What the exercise asks:
Print the data below exactly, but only the lines from the one containing "#2088 = CARTESIAN_POINT" down to the one containing "#4811 = DIRECTION", inclusive.
* * * * * * * * *
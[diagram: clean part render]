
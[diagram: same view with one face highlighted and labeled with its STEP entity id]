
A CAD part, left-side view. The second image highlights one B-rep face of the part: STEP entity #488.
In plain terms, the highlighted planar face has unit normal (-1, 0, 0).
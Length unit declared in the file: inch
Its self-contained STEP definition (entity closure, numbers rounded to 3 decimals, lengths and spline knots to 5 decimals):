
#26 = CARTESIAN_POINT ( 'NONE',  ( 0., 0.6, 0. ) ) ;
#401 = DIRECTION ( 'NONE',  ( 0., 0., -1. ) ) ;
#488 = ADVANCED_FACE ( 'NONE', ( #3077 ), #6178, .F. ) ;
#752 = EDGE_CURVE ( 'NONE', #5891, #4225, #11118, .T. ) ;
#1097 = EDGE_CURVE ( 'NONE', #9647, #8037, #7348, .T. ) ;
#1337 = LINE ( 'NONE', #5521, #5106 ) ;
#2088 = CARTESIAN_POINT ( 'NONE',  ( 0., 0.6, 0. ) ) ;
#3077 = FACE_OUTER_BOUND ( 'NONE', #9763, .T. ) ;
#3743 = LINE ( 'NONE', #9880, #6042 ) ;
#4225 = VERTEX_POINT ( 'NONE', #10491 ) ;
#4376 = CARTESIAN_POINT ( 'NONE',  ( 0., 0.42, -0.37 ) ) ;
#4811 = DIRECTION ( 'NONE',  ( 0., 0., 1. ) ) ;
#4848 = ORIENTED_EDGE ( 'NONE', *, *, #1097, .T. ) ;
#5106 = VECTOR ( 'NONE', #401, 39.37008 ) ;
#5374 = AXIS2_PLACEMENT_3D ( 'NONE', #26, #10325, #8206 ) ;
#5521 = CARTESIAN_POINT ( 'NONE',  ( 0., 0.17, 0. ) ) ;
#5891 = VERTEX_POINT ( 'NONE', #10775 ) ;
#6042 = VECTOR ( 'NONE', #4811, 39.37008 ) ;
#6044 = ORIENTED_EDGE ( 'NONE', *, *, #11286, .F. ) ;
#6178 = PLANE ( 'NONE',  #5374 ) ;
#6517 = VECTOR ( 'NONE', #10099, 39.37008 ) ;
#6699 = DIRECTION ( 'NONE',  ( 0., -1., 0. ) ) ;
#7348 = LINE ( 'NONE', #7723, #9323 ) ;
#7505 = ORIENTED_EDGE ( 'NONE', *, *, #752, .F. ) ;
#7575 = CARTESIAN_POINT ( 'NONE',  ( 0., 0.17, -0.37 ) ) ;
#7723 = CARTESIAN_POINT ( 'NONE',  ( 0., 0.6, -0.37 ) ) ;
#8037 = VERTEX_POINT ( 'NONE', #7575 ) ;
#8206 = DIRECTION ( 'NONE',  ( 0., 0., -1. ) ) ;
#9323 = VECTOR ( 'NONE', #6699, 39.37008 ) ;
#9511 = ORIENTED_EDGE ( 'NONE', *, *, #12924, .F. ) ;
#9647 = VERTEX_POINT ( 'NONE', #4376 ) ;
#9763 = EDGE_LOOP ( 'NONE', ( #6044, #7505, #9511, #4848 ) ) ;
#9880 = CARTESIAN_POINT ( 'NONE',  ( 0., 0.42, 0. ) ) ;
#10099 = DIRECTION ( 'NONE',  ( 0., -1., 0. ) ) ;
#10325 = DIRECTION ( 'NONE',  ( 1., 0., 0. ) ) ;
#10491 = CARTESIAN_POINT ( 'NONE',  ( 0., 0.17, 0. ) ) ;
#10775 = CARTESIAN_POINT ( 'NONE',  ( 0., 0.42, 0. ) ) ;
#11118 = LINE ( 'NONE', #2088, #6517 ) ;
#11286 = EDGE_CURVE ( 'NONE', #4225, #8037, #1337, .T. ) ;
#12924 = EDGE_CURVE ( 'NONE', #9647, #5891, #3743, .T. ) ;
* * * * * * * * *
Answer below:
#2088 = CARTESIAN_POINT ( 'NONE',  ( 0., 0.6, 0. ) ) ;
#3077 = FACE_OUTER_BOUND ( 'NONE', #9763, .T. ) ;
#3743 = LINE ( 'NONE', #9880, #6042 ) ;
#4225 = VERTEX_POINT ( 'NONE', #10491 ) ;
#4376 = CARTESIAN_POINT ( 'NONE',  ( 0., 0.42, -0.37 ) ) ;
#4811 = DIRECTION ( 'NONE',  ( 0., 0., 1. ) ) ;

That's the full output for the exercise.